• [ENTRIES SUPPLIED]:

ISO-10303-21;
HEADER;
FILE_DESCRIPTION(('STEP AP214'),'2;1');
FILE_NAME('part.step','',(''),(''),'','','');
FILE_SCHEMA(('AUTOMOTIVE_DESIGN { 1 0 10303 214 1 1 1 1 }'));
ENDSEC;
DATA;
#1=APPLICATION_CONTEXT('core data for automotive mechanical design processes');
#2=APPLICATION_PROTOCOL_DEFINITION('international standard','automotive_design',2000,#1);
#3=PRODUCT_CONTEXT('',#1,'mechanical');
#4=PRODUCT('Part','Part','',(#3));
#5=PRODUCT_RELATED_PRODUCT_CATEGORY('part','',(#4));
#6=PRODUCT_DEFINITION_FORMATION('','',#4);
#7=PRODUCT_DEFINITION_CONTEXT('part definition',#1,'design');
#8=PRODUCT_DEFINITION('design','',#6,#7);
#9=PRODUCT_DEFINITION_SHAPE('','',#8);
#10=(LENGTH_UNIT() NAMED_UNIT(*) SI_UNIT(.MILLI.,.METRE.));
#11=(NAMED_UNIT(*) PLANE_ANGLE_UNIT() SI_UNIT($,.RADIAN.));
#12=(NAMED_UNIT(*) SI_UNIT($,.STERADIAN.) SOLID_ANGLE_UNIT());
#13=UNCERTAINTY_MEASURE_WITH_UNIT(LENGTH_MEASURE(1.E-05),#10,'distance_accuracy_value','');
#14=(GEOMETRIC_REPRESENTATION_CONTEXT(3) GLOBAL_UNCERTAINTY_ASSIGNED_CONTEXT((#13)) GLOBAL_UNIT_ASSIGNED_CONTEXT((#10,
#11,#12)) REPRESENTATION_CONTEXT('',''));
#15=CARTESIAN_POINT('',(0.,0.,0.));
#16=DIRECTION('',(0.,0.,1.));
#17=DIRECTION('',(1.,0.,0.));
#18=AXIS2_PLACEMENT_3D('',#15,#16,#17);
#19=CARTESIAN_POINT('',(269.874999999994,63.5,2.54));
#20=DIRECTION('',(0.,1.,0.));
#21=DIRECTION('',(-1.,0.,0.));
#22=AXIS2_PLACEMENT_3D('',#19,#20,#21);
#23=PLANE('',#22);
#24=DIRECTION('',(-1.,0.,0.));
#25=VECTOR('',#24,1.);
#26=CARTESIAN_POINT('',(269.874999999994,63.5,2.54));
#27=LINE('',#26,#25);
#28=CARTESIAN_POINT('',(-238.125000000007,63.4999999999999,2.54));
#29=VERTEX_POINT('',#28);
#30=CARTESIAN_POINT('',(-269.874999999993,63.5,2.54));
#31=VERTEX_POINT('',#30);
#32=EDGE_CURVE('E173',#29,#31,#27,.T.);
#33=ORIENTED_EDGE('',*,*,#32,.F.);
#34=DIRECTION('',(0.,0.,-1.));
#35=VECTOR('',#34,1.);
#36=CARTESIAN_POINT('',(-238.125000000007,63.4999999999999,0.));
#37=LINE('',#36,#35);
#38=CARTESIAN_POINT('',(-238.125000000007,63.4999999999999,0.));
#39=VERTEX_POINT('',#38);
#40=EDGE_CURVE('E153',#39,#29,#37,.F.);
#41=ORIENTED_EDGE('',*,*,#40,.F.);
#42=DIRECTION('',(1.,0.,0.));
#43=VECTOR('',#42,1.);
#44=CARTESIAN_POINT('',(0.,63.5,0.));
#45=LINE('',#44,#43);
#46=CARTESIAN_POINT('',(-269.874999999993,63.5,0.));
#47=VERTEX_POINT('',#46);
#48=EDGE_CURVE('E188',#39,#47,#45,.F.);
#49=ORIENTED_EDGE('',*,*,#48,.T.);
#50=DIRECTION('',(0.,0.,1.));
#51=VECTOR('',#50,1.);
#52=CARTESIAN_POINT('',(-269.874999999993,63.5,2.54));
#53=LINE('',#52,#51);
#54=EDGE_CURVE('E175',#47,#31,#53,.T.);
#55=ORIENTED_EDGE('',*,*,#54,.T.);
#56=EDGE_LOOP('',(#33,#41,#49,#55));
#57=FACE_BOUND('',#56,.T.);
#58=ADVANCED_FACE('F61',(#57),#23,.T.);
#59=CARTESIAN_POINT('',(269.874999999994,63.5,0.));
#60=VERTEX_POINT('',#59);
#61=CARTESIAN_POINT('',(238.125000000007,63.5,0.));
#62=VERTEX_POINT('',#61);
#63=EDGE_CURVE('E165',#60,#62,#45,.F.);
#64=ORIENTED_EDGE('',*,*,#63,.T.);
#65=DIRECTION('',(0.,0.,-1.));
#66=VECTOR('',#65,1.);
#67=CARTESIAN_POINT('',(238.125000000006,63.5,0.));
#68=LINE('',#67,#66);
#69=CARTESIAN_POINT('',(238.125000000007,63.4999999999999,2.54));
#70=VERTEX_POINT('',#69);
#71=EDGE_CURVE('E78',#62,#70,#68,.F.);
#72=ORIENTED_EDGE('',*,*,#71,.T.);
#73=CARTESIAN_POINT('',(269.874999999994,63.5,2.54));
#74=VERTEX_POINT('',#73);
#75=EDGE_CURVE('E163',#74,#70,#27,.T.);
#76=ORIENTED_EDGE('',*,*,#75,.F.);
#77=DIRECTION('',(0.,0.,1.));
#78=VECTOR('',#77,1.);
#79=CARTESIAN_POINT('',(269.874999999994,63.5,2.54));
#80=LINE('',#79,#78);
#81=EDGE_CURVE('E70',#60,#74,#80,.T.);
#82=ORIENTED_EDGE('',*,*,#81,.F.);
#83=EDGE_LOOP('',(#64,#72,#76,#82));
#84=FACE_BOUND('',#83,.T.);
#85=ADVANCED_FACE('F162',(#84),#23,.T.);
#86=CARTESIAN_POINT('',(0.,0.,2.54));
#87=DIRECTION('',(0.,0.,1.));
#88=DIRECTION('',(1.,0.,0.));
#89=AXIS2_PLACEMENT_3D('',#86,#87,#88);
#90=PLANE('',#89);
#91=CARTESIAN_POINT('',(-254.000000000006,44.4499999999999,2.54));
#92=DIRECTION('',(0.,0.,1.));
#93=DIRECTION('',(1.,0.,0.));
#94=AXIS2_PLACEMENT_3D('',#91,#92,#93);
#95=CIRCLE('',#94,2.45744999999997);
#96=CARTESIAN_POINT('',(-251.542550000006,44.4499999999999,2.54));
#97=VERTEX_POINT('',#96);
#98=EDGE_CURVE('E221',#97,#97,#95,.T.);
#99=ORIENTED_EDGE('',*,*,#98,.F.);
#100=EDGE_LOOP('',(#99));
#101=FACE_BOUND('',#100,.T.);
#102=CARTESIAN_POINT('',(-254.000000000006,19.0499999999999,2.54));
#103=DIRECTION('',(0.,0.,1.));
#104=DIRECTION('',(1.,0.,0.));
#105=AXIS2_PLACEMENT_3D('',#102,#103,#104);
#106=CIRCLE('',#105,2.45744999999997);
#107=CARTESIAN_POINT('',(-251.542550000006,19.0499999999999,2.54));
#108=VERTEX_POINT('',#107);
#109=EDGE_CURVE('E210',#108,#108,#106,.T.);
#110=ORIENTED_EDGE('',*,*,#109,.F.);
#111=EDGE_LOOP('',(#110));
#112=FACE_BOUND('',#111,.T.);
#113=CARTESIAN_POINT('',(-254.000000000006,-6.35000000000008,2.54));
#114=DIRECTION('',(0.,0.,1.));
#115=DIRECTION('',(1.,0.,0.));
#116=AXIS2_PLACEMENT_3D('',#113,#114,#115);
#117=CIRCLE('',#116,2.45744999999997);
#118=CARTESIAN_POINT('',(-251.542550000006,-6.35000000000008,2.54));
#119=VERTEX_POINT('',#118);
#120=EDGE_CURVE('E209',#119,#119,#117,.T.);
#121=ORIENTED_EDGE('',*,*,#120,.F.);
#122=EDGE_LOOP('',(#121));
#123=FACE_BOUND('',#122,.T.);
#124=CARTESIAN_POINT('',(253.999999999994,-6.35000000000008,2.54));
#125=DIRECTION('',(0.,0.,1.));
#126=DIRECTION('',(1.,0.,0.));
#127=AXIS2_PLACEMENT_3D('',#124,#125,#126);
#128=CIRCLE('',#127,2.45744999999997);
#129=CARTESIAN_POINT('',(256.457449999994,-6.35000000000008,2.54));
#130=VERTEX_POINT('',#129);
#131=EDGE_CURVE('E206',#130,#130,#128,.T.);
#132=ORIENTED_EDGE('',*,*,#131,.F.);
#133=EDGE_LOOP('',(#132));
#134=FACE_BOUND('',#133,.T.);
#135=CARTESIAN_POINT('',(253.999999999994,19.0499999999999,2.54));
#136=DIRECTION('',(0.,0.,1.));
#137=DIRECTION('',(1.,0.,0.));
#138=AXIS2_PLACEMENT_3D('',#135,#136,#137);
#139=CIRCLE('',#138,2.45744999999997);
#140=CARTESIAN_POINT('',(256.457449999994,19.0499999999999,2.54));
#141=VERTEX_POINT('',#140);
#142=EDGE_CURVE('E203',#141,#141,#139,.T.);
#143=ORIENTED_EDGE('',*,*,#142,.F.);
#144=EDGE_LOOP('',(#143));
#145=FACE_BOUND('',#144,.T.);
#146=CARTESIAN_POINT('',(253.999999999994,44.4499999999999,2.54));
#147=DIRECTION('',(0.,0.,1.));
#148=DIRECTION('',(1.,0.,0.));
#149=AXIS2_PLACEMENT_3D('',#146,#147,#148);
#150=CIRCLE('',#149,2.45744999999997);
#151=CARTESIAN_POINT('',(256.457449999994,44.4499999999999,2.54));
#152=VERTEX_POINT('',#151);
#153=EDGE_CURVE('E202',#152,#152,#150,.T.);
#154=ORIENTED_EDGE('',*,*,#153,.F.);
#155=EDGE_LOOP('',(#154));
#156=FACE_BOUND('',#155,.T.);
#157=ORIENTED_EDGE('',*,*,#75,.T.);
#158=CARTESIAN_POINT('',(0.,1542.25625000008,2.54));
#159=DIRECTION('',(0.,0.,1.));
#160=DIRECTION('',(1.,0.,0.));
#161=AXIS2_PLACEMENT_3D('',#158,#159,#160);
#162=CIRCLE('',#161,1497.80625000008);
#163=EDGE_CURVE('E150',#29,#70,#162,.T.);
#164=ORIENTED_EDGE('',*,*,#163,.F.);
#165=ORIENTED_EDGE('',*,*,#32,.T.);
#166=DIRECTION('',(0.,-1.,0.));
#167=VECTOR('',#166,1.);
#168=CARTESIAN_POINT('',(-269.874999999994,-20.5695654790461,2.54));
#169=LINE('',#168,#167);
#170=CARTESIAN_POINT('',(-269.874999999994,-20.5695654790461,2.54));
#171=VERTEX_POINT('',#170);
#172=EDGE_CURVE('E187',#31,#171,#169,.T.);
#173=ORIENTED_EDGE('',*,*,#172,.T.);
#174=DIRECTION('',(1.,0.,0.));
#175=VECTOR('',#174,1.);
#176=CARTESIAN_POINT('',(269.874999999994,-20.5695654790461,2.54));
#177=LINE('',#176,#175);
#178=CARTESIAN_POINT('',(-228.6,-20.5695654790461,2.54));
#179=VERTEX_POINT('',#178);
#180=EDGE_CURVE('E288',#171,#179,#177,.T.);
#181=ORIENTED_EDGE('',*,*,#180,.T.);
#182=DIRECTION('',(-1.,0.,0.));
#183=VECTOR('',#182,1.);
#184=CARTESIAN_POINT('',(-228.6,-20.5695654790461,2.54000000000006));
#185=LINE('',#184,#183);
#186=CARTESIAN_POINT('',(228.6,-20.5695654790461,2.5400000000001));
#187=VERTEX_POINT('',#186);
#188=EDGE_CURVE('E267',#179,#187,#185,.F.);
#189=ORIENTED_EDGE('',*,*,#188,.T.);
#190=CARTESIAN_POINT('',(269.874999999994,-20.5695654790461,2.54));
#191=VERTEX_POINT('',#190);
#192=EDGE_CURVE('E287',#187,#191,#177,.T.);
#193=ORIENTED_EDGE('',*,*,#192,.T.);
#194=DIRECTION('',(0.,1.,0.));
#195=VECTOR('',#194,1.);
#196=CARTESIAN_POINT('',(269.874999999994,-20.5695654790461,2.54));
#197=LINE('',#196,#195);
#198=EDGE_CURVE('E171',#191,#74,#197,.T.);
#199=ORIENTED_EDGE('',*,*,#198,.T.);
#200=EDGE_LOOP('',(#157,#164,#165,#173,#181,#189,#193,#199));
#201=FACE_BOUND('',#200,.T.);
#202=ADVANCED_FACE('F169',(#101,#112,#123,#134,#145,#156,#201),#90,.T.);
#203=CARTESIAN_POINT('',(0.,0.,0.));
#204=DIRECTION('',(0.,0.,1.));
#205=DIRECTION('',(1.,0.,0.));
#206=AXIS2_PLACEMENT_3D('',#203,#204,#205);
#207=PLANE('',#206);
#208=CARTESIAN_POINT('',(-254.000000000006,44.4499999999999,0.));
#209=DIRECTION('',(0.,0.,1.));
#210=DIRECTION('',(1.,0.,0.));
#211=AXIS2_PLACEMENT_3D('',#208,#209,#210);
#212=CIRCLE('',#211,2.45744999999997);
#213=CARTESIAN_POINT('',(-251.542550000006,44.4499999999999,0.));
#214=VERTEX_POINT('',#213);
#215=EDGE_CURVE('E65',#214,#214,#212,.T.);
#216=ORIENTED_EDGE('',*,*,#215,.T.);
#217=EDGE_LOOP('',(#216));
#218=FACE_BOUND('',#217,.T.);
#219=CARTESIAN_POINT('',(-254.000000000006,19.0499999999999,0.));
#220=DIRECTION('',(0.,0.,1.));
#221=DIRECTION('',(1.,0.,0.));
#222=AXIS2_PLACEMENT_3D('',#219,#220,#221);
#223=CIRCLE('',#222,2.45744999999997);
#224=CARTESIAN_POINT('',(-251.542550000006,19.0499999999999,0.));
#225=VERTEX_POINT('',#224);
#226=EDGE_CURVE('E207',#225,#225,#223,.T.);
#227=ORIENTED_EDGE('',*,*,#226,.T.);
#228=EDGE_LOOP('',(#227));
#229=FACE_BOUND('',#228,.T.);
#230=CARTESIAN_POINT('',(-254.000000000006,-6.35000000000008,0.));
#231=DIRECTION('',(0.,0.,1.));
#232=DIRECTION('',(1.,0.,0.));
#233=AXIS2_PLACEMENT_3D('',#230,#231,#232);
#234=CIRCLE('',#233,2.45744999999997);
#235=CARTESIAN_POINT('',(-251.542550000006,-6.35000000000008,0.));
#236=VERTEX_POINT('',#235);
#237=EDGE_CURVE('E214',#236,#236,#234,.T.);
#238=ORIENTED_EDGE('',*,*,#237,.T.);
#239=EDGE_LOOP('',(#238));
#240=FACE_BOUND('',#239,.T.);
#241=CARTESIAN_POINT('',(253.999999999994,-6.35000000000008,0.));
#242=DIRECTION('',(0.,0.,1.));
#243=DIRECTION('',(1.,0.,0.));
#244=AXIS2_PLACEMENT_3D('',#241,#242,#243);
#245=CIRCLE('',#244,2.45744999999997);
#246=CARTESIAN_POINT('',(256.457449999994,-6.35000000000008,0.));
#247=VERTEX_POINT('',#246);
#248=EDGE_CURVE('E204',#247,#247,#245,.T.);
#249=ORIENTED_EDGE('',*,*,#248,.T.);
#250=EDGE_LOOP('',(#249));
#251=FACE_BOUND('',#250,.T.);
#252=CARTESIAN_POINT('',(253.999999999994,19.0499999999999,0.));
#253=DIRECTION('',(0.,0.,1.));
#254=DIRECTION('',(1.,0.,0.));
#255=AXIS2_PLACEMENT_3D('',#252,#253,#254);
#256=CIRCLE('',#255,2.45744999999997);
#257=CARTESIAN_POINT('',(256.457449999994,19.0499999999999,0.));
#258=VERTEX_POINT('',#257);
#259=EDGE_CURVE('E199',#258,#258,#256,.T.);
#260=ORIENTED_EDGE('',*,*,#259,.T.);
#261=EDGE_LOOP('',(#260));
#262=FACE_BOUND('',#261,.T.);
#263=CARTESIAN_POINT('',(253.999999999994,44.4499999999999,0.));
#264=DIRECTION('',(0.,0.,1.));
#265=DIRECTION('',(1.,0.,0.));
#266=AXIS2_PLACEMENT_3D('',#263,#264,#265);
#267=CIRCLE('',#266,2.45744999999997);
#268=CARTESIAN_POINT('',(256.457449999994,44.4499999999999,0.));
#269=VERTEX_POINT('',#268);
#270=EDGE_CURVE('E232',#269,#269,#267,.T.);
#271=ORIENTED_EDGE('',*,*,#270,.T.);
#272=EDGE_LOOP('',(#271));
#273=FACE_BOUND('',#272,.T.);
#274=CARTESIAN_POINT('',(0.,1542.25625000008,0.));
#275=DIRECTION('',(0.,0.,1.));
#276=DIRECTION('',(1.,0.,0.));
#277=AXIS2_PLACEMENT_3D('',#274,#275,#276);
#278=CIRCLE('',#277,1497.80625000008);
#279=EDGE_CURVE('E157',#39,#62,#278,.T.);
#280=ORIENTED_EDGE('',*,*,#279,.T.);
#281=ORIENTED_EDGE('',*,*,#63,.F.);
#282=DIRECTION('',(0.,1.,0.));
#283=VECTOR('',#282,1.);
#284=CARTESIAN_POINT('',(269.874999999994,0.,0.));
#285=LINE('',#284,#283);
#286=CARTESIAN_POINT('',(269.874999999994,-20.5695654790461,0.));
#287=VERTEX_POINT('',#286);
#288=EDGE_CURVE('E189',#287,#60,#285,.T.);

• [ACTIVITY]:
Would you print exactly, and only, the lines of the data above from the line with "#103=DIRECTION('',(0.,0.,1.));" through the line with "#122=EDGE_LOOP('',(#121));", inclusive?

• [OUTPUT OF THE EXERCISE]:
#103=DIRECTION('',(0.,0.,1.));
#104=DIRECTION('',(1.,0.,0.));
#105=AXIS2_PLACEMENT_3D('',#102,#103,#104);
#106=CIRCLE('',#105,2.45744999999997);
#107=CARTESIAN_POINT('',(-251.542550000006,19.0499999999999,2.54));
#108=VERTEX_POINT('',#107);
#109=EDGE_CURVE('E210',#108,#108,#106,.T.);
#110=ORIENTED_EDGE('',*,*,#109,.F.);
#111=EDGE_LOOP('',(#110));
#112=FACE_BOUND('',#111,.T.);
#113=CARTESIAN_POINT('',(-254.000000000006,-6.35000000000008,2.54));
#114=DIRECTION('',(0.,0.,1.));
#115=DIRECTION('',(1.,0.,0.));
#116=AXIS2_PLACEMENT_3D('',#113,#114,#115);
#117=CIRCLE('',#116,2.45744999999997);
#118=CARTESIAN_POINT('',(-251.542550000006,-6.35000000000008,2.54));
#119=VERTEX_POINT('',#118);
#120=EDGE_CURVE('E209',#119,#119,#117,.T.);
#121=ORIENTED_EDGE('',*,*,#120,.F.);
#122=EDGE_LOOP('',(#121));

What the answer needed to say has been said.